Me too,they have all done fantastically well in their own fields but to be the first British winner of the toughest event in the world is something very special.

To do it in the current climate of cycling doping revelations whilst remaining clean makes winning the Tour de France even more remarkable,well done Bradley.


----------



## 96299

There can only be one - Wiggo, Wiggo, Wiggo 8) 

Steve


----------



## motormouth

Bradley for me, but so many others also deserve to win it, Jessica, Mo, Ellie or Ben.
Most of them also have personalities which is unusual.
Team event to go to the rowers.
Overseas to go to the Bolt.


----------



## bognormike

wiggo is out in front!


team choice for me would be the whole GB olympic team (not Team GB!)


----------



## moblee

Elli Simmonds


----------



## tubbytuba

I liked Gary Linekers comments on the whole 'personality' thing.
He said of course it's not all about personality, sporting achievement has to be a major factor, but it's always been called Sports Personality of the Year so they are not going to change it now, just like 'Match of the day' used to be - A 'match' - and now it's every match.

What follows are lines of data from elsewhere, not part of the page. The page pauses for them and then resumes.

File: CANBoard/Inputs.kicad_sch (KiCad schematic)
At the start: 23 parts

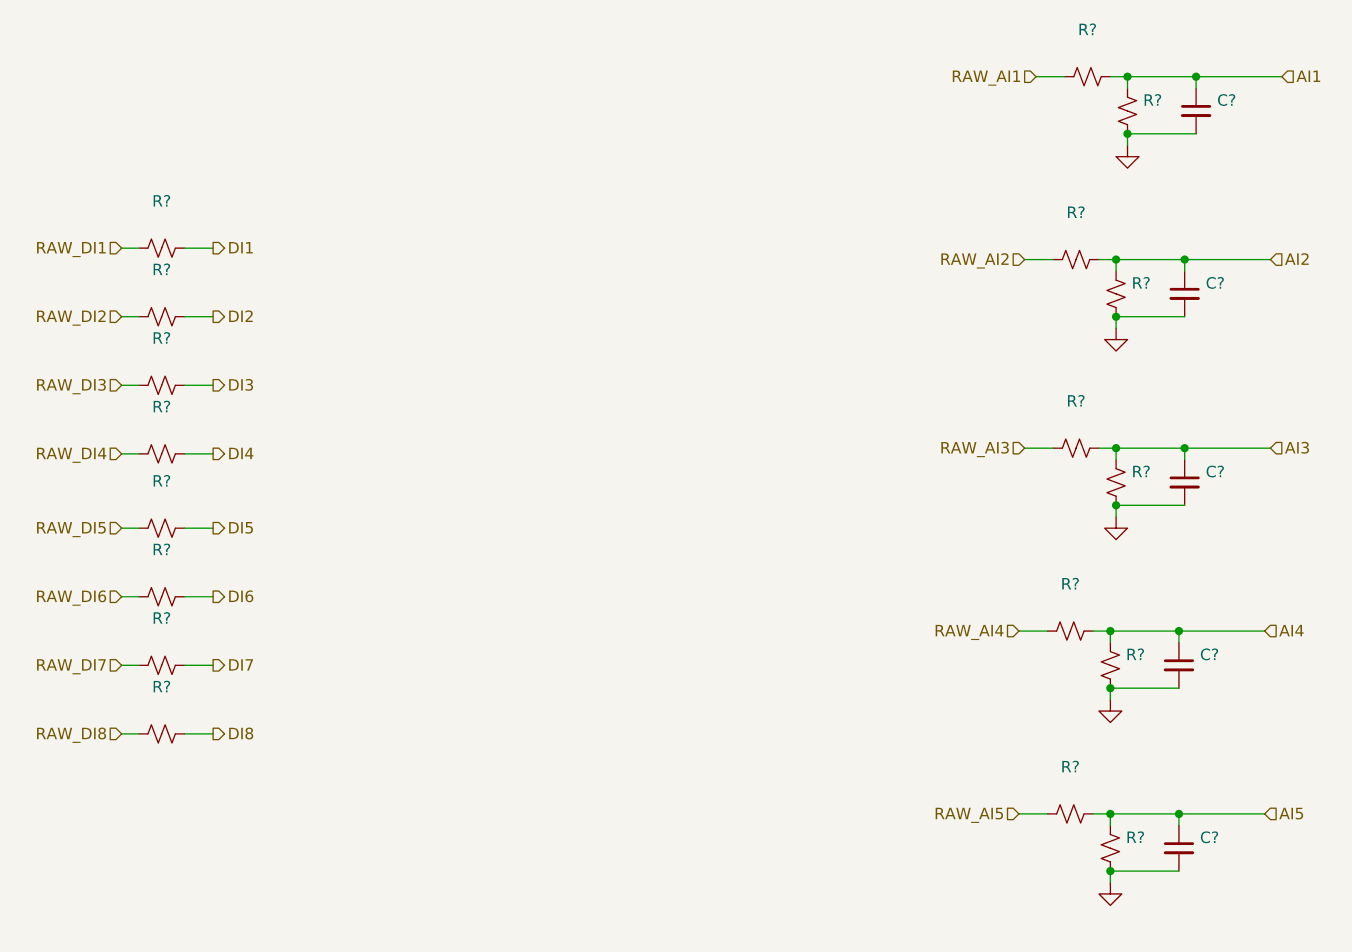
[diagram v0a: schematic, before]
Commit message: V2 updates
Removed FRAM, I2C and SWD pins. Added ID solder jumpers and Tag Connect
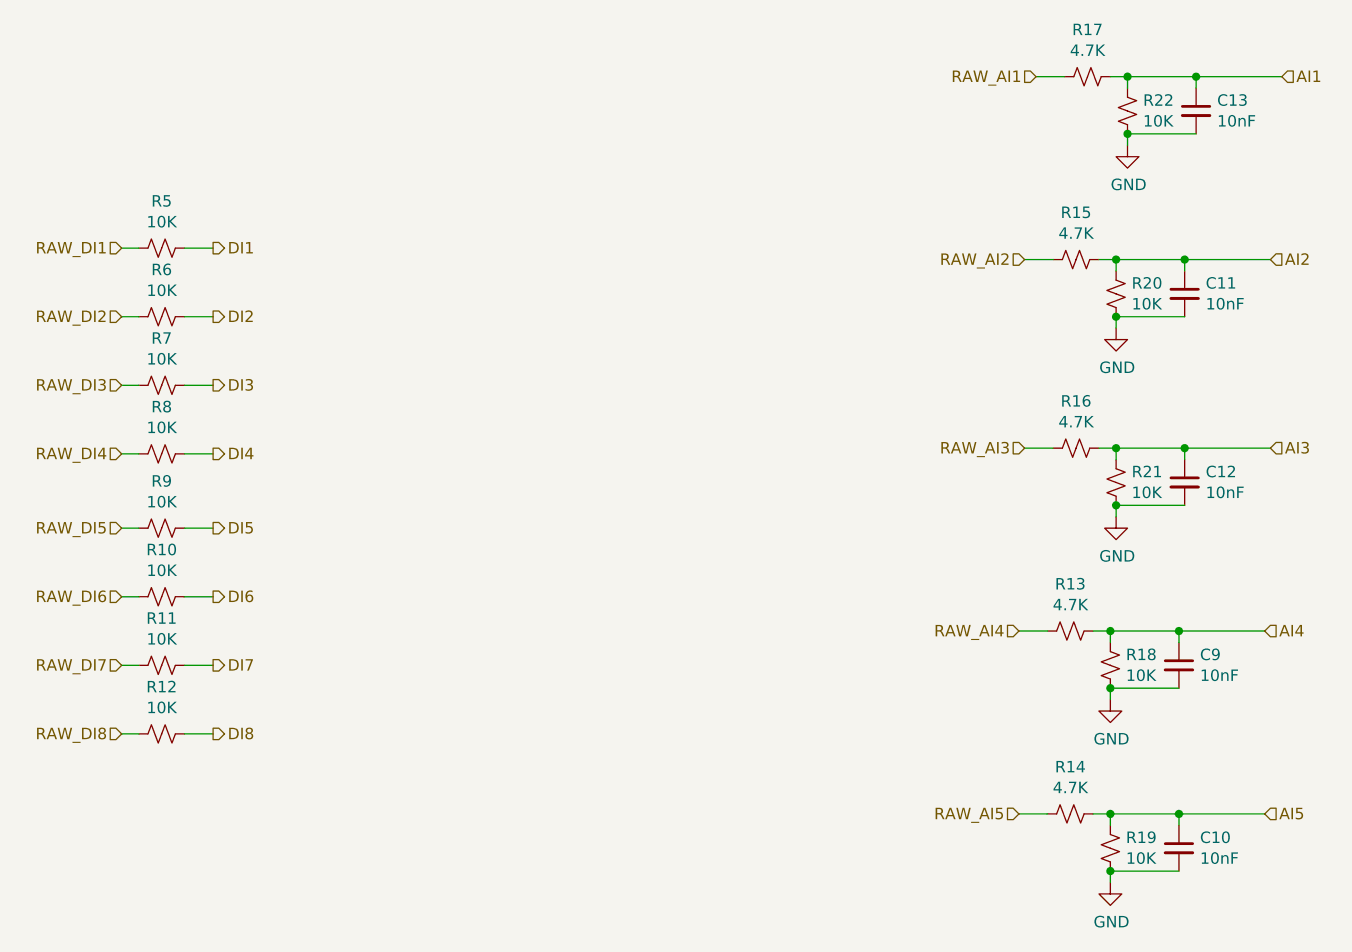
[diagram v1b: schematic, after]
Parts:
- C10, C11, C12, C13, C9: renamed from C?; value (none) -> 10nF; footprint (none) -> Capacitor_SMD:C_0805_2012Metric
- R10, R11, R12, R18, R19, R20, R21, R22, R5, R6, R7, R8, R9: renamed from R?; value (none) -> 10K; footprint (none) -> Resistor_SMD:R_0805_2012Metric
- R13, R14, R15, R16, R17: renamed from R?; value (none) -> 4.7K; footprint (none) -> Resistor_SMD:R_0805_2012Metric

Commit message: Updated outputs, added JLCPCB LCSC part nums
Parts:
- C10, C11, C12, C13, C9: LCSC (none) -> C1710
- R10, R11, R12, R18, R19, R20, R21, R22, R5, R6, R7, R8, R9: LCSC (none) -> C17414
- R13, R14, R15, R16, R17: LCSC (none) -> C17673
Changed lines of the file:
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@@
+      (effects (font (size 1.27 1.27)) hide)
+    )
+    (property "LCSC" "C17414" (at 66.675 102.87 0)
       (effects (font (size 1.27 1.27)) hide)
     )
@@
       (effects (font (size 1.27 1.27)) hide)
     )
+    (property "LCSC" "C17414" (at 66.675 95.25 0)
+      (effects (font (size 1.27 1.27)) hide)
+    )
     (pin "1")
     (pin "2")
@@
       (effects (font (size 1.27 1.27)) hide)
     )
+    (property "LCSC" "C17414" (at 66.675 87.63 0)
+      (effects (font (size 1.27 1.27)) hide)
+    )
     (pin "1")
     (pin "2")
@@
       (effects (font (size 1.27 1.27)) hide)
     )
+    (property "LCSC" "C17414" (at 66.675 80.01 0)
+      (effects (font (size 1.27 1.27)) hide)
+    )
     (pin "1")
     (pin "2")
@@
       (effects (font (size 1.27 1.27)) hide)
     )
+    (property "LCSC" "C17414" (at 66.675 71.755 0)
+      (effects (font (size 1.27 1.27)) hide)
+    )
     (pin "1")
     (pin "2")
@@
       (effects (font (size 1.27 1.27)) hide)
     )
+    (property "LCSC" "C17414" (at 66.675 64.135 0)
+      (effects (font (size 1.27 1.27)) hide)
+    )
     (pin "1")
     (pin "2")
@@
       (effects (font (size 1.27 1.27)) hide)
     )
+    (property "LCSC" "C17414" (at 66.675 56.515 0)
+      (effects (font (size 1.27 1.27)) hide)
+    )
     (pin "1")
     (pin "2")
@@
       (effects (font (size 1.27 1.27)) hide)
     )
+    (property "LCSC" "C17414" (at 66.675 48.895 0)
+      (effects (font (size 1.27 1.27)) hide)
+    )
     (pin "1")
     (pin "2")
@@
       (effects (font (size 1.27 1.27)) hide)
     )
+    (property "LCSC" "C17673" (at 169.545 29.845 0)
+      (effects (font (size 1.27 1.27)) hide)
+    )
     (pin "1")
     (pin "2")
@@
       (effects (font (size 1.27 1.27)) hide)
     )
+    (property "LCSC" "C17414" (at 173.99 33.655 0)
+      (effects (font (size 1.27 1.27)) hide)
+    )
     (pin "1")
     (pin "2")
@@
       (effects (font (size 1.27 1.27)) hide)
     )
+    (property "LCSC" "C1710" (at 181.61 33.655 0)
+      (effects (font (size 1.27 1.27)) hide)
+    )
     (pin "1")
     (pin "2")
@@
       (effects (font (size 1.27 1.27)) hide)
     )
+    (property "LCSC" "C17673" (at 168.275 50.165 0)
+      (effects (font (size 1.27 1.27)) hide)
+    )
     (pin "1")
     (pin "2")
@@
       (effects (font (size 1.27 1.27)) hide)
     )
+    (property "LCSC" "C17414" (at 172.72 53.975 0)
+      (effects (font (size 1.27 1.27)) hide)
+    )
     (pin "1")
     (pin "2")
@@
       (effects (font (size 1.27 1.27)) hide)
     )
+    (property "LCSC" "C1710" (at 180.34 53.975 0)
+      (effects (font (size 1.27 1.27)) hide)
+    )
     (pin "1")
     (pin "2")
@@
       (effects (font (size 1.27 1.27)) hide)
     )
+    (property "LCSC" "C17673" (at 168.275 71.12 0)
+      (effects (font (size 1.27 1.27)) hide)
+    )
     (pin "1")
     (pin "2")
@@
       (effects (font (size 1.27 1.27)) hide)
     )
+    (property "LCSC" "C17414" (at 172.72 74.93 0)
+      (effects (font (size 1.27 1.27)) hide)
+    )
     (pin "1")
     (pin "2")
@@
       (effects (font (size 1.27 1.27)) hide)
     )
+    (property "LCSC" "C1710" (at 180.34 74.93 0)
+      (effects (font (size 1.27 1.27)) hide)
+    )
     (pin "1")
     (pin "2")
@@
       (effects (font (size 1.27 1.27)) hide)
     )
+    (property "LCSC" "C17673" (at 167.64 91.44 0)
+      (effects (font (size 1.27 1.27)) hide)
+    )
     (pin "1")
     (pin "2")
@@
       (effects (font (size 1.27 1.27)) hide)
     )
+    (property "LCSC" "C17414" (at 172.085 95.25 0)
+      (effects (font (size 1.27 1.27)) hide)
+    )
     (pin "1")
     (pin "2")
@@
       (effects (font (size 1.27 1.27)) hide)
     )
+    (property "LCSC" "C1710" (at 179.705 95.25 0)
+      (effects (font (size 1.27 1.27)) hide)
+    )
     (pin "1")
     (pin "2")
@@
       (effects (font (size 1.27 1.27)) hide)
     )
+    (property "LCSC" "C17673" (at 167.64 111.76 0)
+      (effects (font (size 1.27 1.27)) hide)
+    )
     (pin "1")
     (pin "2")
@@
       (effects (font (size 1.27 1.27)) hide)
     )
+    (property "LCSC" "C17414" (at 172.085 115.57 0)
+      (effects (font (size 1.27 1.27)) hide)
+    )
     (pin "1")
     (pin "2")
@@
       (effects (font (size 1.27 1.27)) hide)
     )
+    (property "LCSC" "C1710" (at 179.705 115.57 0)
+      (effects (font (size 1.27 1.27)) hide)
+    )

Also liked Claire Baldings comments on breakfast telly this morning, that she thinks it's particular events/athletes that touch/move you (emotionally), it's all very personal to each of us (apart from the odd misery that should really give these threads a miss :wink: )

I would love to see (and could make an argument for) any one of the shortlist win. But my vote goes to Wiggo for the enormity of his achievement (s) and the whole Wiggo mania thing that went on for the couple of weeks from him winning the tour to him winning the first GB gold at the games.
Looking forward to the programme for the review of what has been a spectacular sporting year.
Steve.


----------



## Telbell

For me the biggest "Personality" is Mo. He's a hoot when interviewed. 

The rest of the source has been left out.